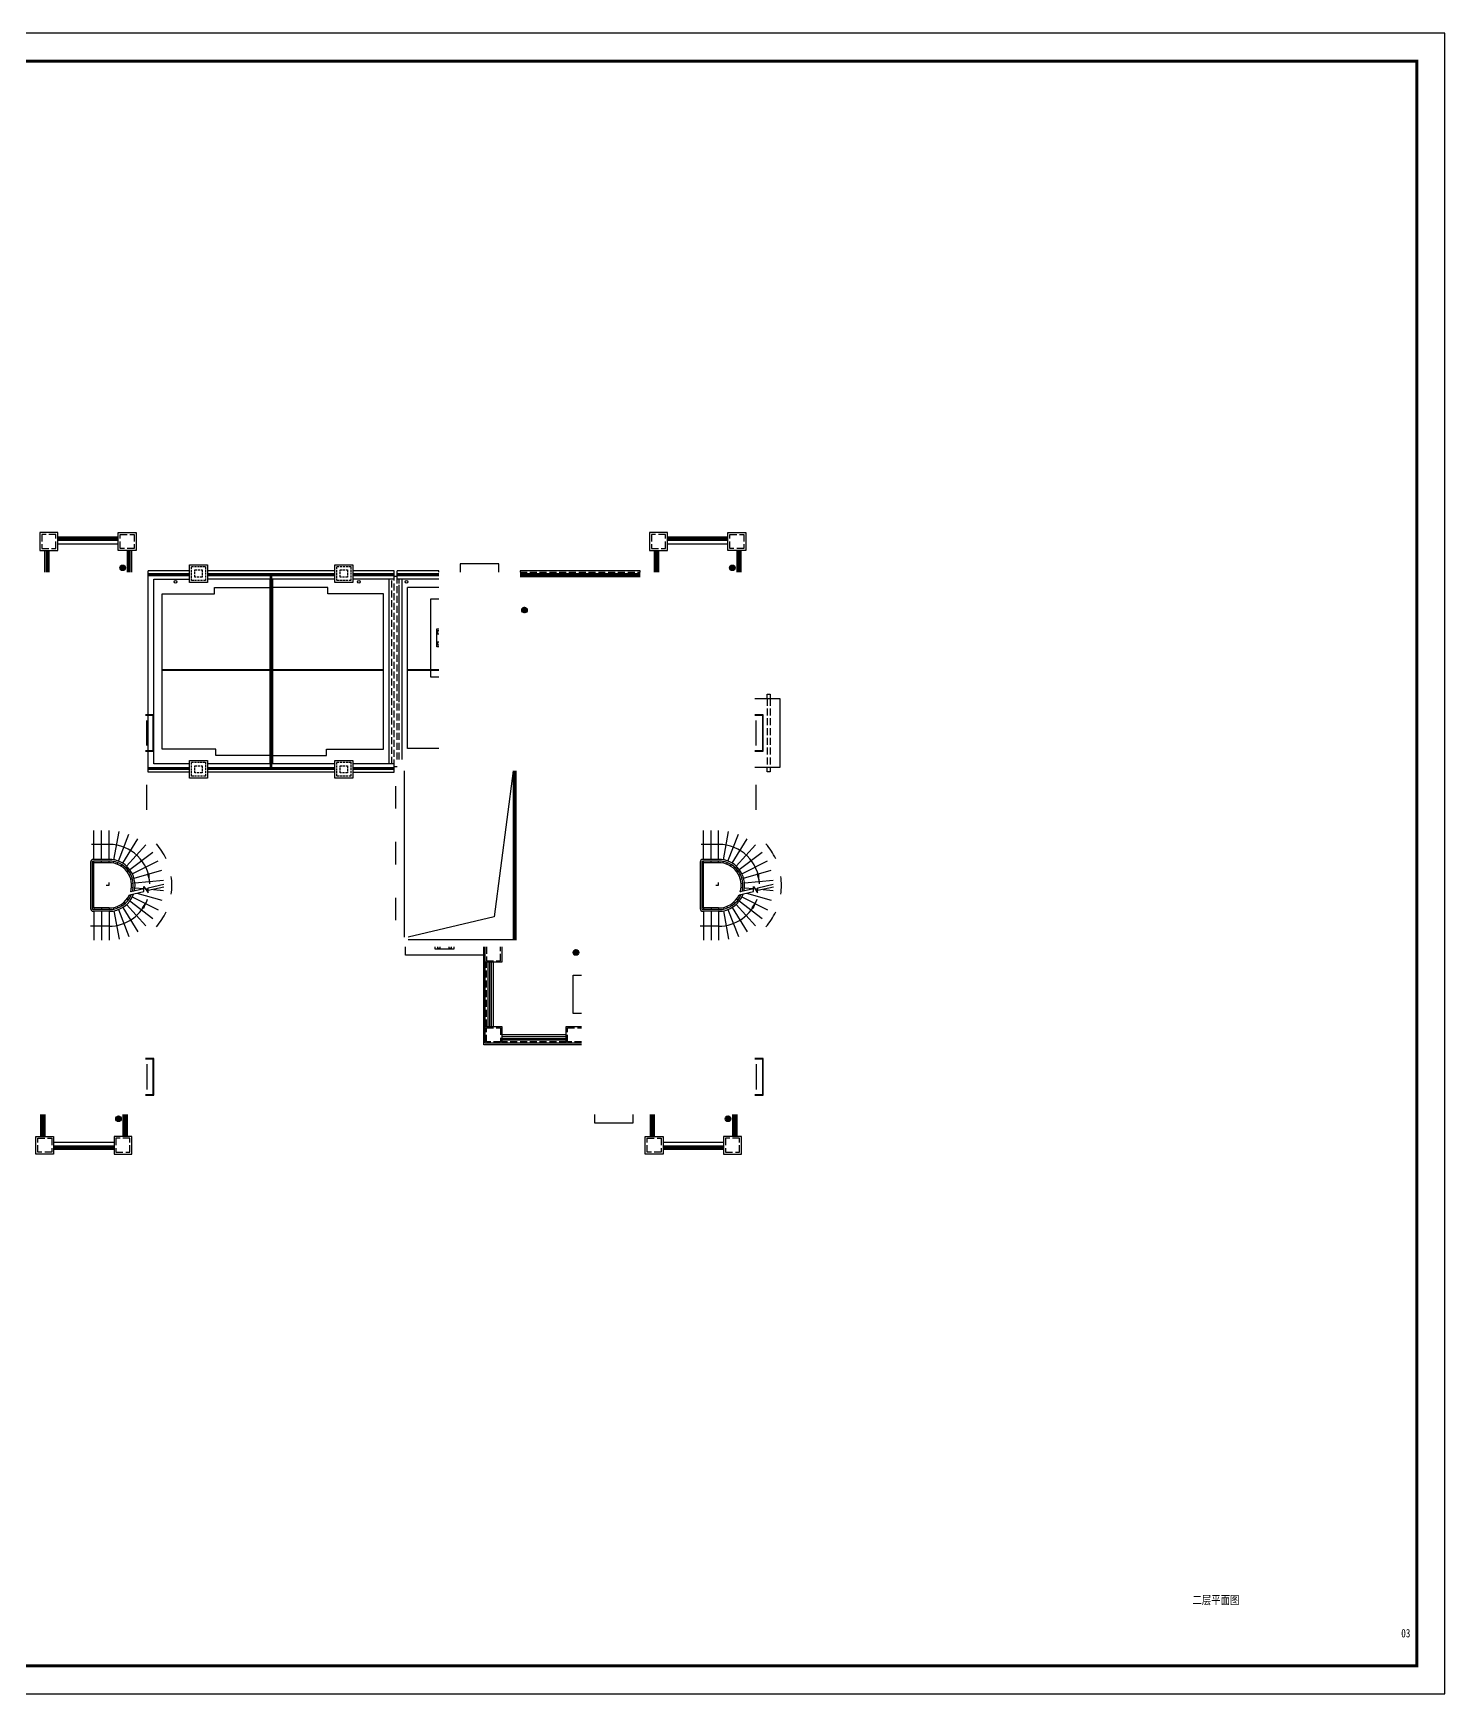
# Model space of a CAD drawing. Extents: x -34815 to 81416, y -425322 to 67478.
# Drawn here: x 30935 to 81416, y -120722 to -61322 of the extents above; entities that cross this region are included whole.
import ezdxf
from ezdxf.enums import TextEntityAlignment as Align

# ---------------------------------------------------------------- set-up
doc = ezdxf.new("R2010")
doc.units = 0
doc.header["$LTSCALE"] = 1000
doc.header["$MEASUREMENT"] = 0
doc.linetypes.add('DASH', pattern=[0.35, 0.25, -0.1])
for name, color, linetype in [('DIM_SYMB', 3, 'Continuous'), ('PUB_TITLE', 7, 'Continuous'), ('STAIR', 4, 'Continuous'), ('WINDOW', 4, 'Continuous'), ('坯担层', 7, 'Continuous'), ('填充', 5, 'Continuous')]:
    doc.layers.add(name, color=color, linetype=linetype)
doc.layers.add('WALL', color=2, linetype='Continuous', lineweight=25)
doc.layers.add('图纸内框线层', color=2, linetype='Continuous', lineweight=25)
doc.styles.add('chtb', font='')
doc.styles.get('chtb').set_extended_font_data('NSimSun')

# ---------------------------------------------------------------- blocks, each defined once
blk = doc.blocks.new('A1100图框')
at = {"layer": 'PUB_TITLE'}
blk.add_lwpolyline([(-2684, 8078), (81416, 8078), (81416, 67478), (-2684, 67478)], close=True, dxfattribs=at)
at = {"layer": 'PUB_TITLE', "const_width": 100}
blk.add_lwpolyline([(-184, 9078), (80416, 9078), (80416, 66478), (-184, 66478)], close=True, dxfattribs=at)

msp = doc.modelspace()

# ---------------------------------------------------------------- hatches: boundary and pattern name
at = {"layer": 'STAIR'}
h = msp.add_hatch(dxfattribs=at)
h.set_pattern_fill('普通砖', color=256, scale=10, style=0)
h.set_pattern_definition([(315, (98199.887, 31215.538), (-17.6776766, -17.6776766), [])])
edge = h.paths.add_edge_path()
edge.add_arc((34134, -80446), 100, 0, 360, ccw=False)
h = msp.add_hatch(dxfattribs=at)
h.set_pattern_fill('普通砖', color=256, scale=10, style=0)
h.set_pattern_definition([(315, (119999.887, 31215.538), (-17.6776766, -17.6776766), [])])
edge = h.paths.add_edge_path()
edge.add_arc((55934, -80446), 100, 0, 360, ccw=False)
h = msp.add_hatch(dxfattribs=at)
h.set_pattern_fill('普通砖', color=256, scale=10, style=0)
h.set_pattern_definition([(225, (-15560.864, 29705.538), (17.6776766, -17.6776766), [])])
edge = h.paths.add_edge_path()
edge.add_arc((48505, -81956), 100, -180, 180)
h = msp.add_hatch(dxfattribs=at)
h.set_pattern_fill('普通砖', color=256, scale=10, style=0)
h.set_pattern_definition([(315, (114410.465, 17458.858), (-17.6776766, -17.6776766), [])])
edge = h.paths.add_edge_path()
edge.add_arc((50345, -94203), 100, 0, 360, ccw=False)
h = msp.add_hatch(dxfattribs=at)
h.set_pattern_fill('普通砖', color=256, scale=10, style=0)
h.set_pattern_definition([(45, (98050.387, -211814.05), (-17.6776766, 17.6776766), [])])
edge = h.paths.add_edge_path()
edge.add_arc((33985, -100153), 100, 0, 360)
h = msp.add_hatch(dxfattribs=at)
h.set_pattern_fill('普通砖', color=256, scale=10, style=0)
h.set_pattern_definition([(45, (119850.387, -211814.05), (-17.6776766, 17.6776766), [])])
edge = h.paths.add_edge_path()
edge.add_arc((55785, -100153), 100, 0, 360)

# ---------------------------------------------------------------- linework, layer by layer
for p, q in [((55774, -79352), (53614, -79352)), ((55774, -79402), (53614, -79402)), ((53144, -79822), (53144, -80603)), ((53194, -79822), (53194, -80603)), ((53294, -79822), (53294, -80603)), ((55774, -79602), (53614, -79602)), ((56094, -79822), (56094, -80603)), ((56194, -79822), (56194, -80603)), ((56244, -79822), (56244, -80603)), ((43945, -80753), (43845, -80753)), ((57185, -85128), (57185, -84968)), ((57185, -84968), (57285, -84968)), ((57285, -84968), (57285, -85128)), ((43845, -87553), (43945, -87553)), ((48095, -87703), (47423, -92927)), ((48095, -87703), (48095, -93763)), ((48195, -87703), (48195, -93763)), ((57185, -87738), (57185, -87578)), ((57285, -87738), (57185, -87738)), ((57285, -87578), (57285, -87738)), ((33545, -91803), (33645, -91803)), ((33545, -91803), (33645, -91803)), ((33645, -91803), (33645, -91703)), ((33645, -91803), (33645, -91703)), ((47423, -92927), (44345, -93653)), ((47210, -96853), (47210, -94553)), ((47395, -96853), (47395, -94553)), ((49995, -97153), (47695, -97153)), ((49995, -97338), (47695, -97338)), ((31195, -100003), (31195, -100783)), ((31245, -100003), (31245, -100783)), ((31345, -100003), (31345, -100783)), ((34145, -100003), (34145, -100783)), ((34245, -100003), (34245, -100783)), ((34295, -100003), (34295, -100783)), ((52995, -100003), (52995, -100783)), ((53045, -100003), (53045, -100783)), ((53145, -100003), (53145, -100783)), ((55945, -100003), (55945, -100783)), ((56045, -100003), (56045, -100783)), ((56095, -100003), (56095, -100783)), ((33825, -101003), (31665, -101003)), ((33825, -101203), (31665, -101203)), ((33825, -101253), (31665, -101253)), ((55625, -101003), (53465, -101003)), ((55625, -101203), (53465, -101203)), ((55625, -101253), (53465, -101253))]:
    msp.add_line(p, q)
for points in [[(31174, -79822), (31814, -79822), (31814, -79182), (31174, -79182)], [(34614, -79822), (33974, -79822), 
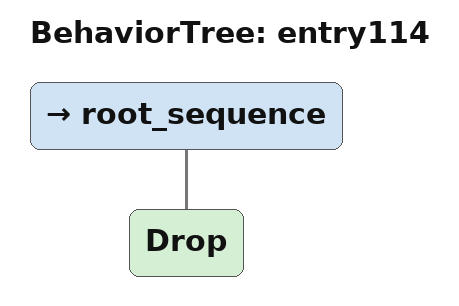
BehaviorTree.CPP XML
<?xml version="1.0" encoding="UTF-8"?>
<root BTCPP_format="4">
  <BehaviorTree ID="entry114">
    <root_sequence>
      <Drop/>
    </root_sequence>
  </BehaviorTree>

</root>

Work task:
In your copy of the listing above, reproduce each line exactly and omit all pictures.

Final answer:
# Model space of a CAD drawing. Extents: x -34815 to 81416, y -425322 to 67478.
# Drawn here: x 30935 to 81416, y -120722 to -61322 of the extents above; entities that cross this region are included whole.
import ezdxf
from ezdxf.enums import TextEntityAlignment as Align

# ---------------------------------------------------------------- set-up
doc = ezdxf.new("R2010")
doc.units = 0
doc.header["$LTSCALE"] = 1000
doc.header["$MEASUREMENT"] = 0
doc.linetypes.add('DASH', pattern=[0.35, 0.25, -0.1])
for name, color, linetype in [('DIM_SYMB', 3, 'Continuous'), ('PUB_TITLE', 7, 'Continuous'), ('STAIR', 4, 'Continuous'), ('WINDOW', 4, 'Continuous'), ('坯担层', 7, 'Continuous'), ('填充', 5, 'Continuous')]:
    doc.layers.add(name, color=color, linetype=linetype)
doc.layers.add('WALL', color=2, linetype='Continuous', lineweight=25)
doc.layers.add('图纸内框线层', color=2, linetype='Continuous', lineweight=25)
doc.styles.add('chtb', font='')
doc.styles.get('chtb').set_extended_font_data('NSimSun')

# ---------------------------------------------------------------- blocks, each defined once
blk = doc.blocks.new('A1100图框')
at = {"layer": 'PUB_TITLE'}
blk.add_lwpolyline([(-2684, 8078), (81416, 8078), (81416, 67478), (-2684, 67478)], close=True, dxfattribs=at)
at = {"layer": 'PUB_TITLE', "const_width": 100}
blk.add_lwpolyline([(-184, 9078), (80416, 9078), (80416, 66478), (-184, 66478)], close=True, dxfattribs=at)

msp = doc.modelspace()

# ---------------------------------------------------------------- hatches: boundary and pattern name
at = {"layer": 'STAIR'}
h = msp.add_hatch(dxfattribs=at)
h.set_pattern_fill('普通砖', color=256, scale=10, style=0)
h.set_pattern_definition([(315, (98199.887, 31215.538), (-17.6776766, -17.6776766), [])])
edge = h.paths.add_edge_path()
edge.add_arc((34134, -80446), 100, 0, 360, ccw=False)
h = msp.add_hatch(dxfattribs=at)
h.set_pattern_fill('普通砖', color=256, scale=10, style=0)
h.set_pattern_definition([(315, (119999.887, 31215.538), (-17.6776766, -17.6776766), [])])
edge = h.paths.add_edge_path()
edge.add_arc((55934, -80446), 100, 0, 360, ccw=False)
h = msp.add_hatch(dxfattribs=at)
h.set_pattern_fill('普通砖', color=256, scale=10, style=0)
h.set_pattern_definition([(225, (-15560.864, 29705.538), (17.6776766, -17.6776766), [])])
edge = h.paths.add_edge_path()
edge.add_arc((48505, -81956), 100, -180, 180)
h = msp.add_hatch(dxfattribs=at)
h.set_pattern_fill('普通砖', color=256, scale=10, style=0)
h.set_pattern_definition([(315, (114410.465, 17458.858), (-17.6776766, -17.6776766), [])])
edge = h.paths.add_edge_path()
edge.add_arc((50345, -94203), 100, 0, 360, ccw=False)
h = msp.add_hatch(dxfattribs=at)
h.set_pattern_fill('普通砖', color=256, scale=10, style=0)
h.set_pattern_definition([(45, (98050.387, -211814.05), (-17.6776766, 17.6776766), [])])
edge = h.paths.add_edge_path()
edge.add_arc((33985, -100153), 100, 0, 360)
h = msp.add_hatch(dxfattribs=at)
h.set_pattern_fill('普通砖', color=256, scale=10, style=0)
h.set_pattern_definition([(45, (119850.387, -211814.05), (-17.6776766, 17.6776766), [])])
edge = h.paths.add_edge_path()
edge.add_arc((55785, -100153), 100, 0, 360)

# ---------------------------------------------------------------- linework, layer by layer
for p, q in [((55774, -79352), (53614, -79352)), ((55774, -79402), (53614, -79402)), ((53144, -79822), (53144, -80603)), ((53194, -79822), (53194, -80603)), ((53294, -79822), (53294, -80603)), ((55774, -79602), (53614, -79602)), ((56094, -79822), (56094, -80603)), ((56194, -79822), (56194, -80603)), ((56244, -79822), (56244, -80603)), ((43945, -80753), (43845, -80753)), ((57185, -85128), (57185, -84968)), ((57185, -84968), (57285, -84968)), ((57285, -84968), (57285, -85128)), ((43845, -87553), (43945, -87553)), ((48095, -87703), (47423, -92927)), ((48095, -87703), (48095, -93763)), ((48195, -87703), (48195, -93763)), ((57185, -87738), (57185, -87578)), ((57285, -87738), (57185, -87738)), ((57285, -87578), (57285, -87738)), ((33545, -91803), (33645, -91803)), ((33545, -91803), (33645, -91803)), ((33645, -91803), (33645, -91703)), ((33645, -91803), (33645, -91703)), ((47423, -92927), (44345, -93653)), ((47210, -96853), (47210, -94553)), ((47395, -96853), (47395, -94553)), ((49995, -97153), (47695, -97153)), ((49995, -97338), (47695, -97338)), ((31195, -100003), (31195, -100783)), ((31245, -100003), (31245, -100783)), ((31345, -100003), (31345, -100783)), ((34145, -100003), (34145, -100783)), ((34245, -100003), (34245, -100783)), ((34295, -100003), (34295, -100783)), ((52995, -100003), (52995, -100783)), ((53045, -100003), (53045, -100783)), ((53145, -100003), (53145, -100783)), ((55945, -100003), (55945, -100783)), ((56045, -100003), (56045, -100783)), ((56095, -100003), (56095, -100783)), ((33825, -101003), (31665, -101003)), ((33825, -101203), (31665, -101203)), ((33825, -101253), (31665, -101253)), ((55625, -101003), (53465, -101003)), ((55625, -101203), (53465, -101203)), ((55625, -101253), (53465, -101253))]:
    msp.add_line(p, q)
for points in [[(31174, -79822), (31814, -79822), (31814, -79182), (31174, -79182)], [(34614, -79822), (33974, -79822), 
BehaviorTree.CPP XML
<?xml version="1.0" encoding="UTF-8"?>
<root BTCPP_format="4">
  <BehaviorTree ID="entry114">
    <root_sequence>
      <Drop/>
    </root_sequence>
  </BehaviorTree>

</root>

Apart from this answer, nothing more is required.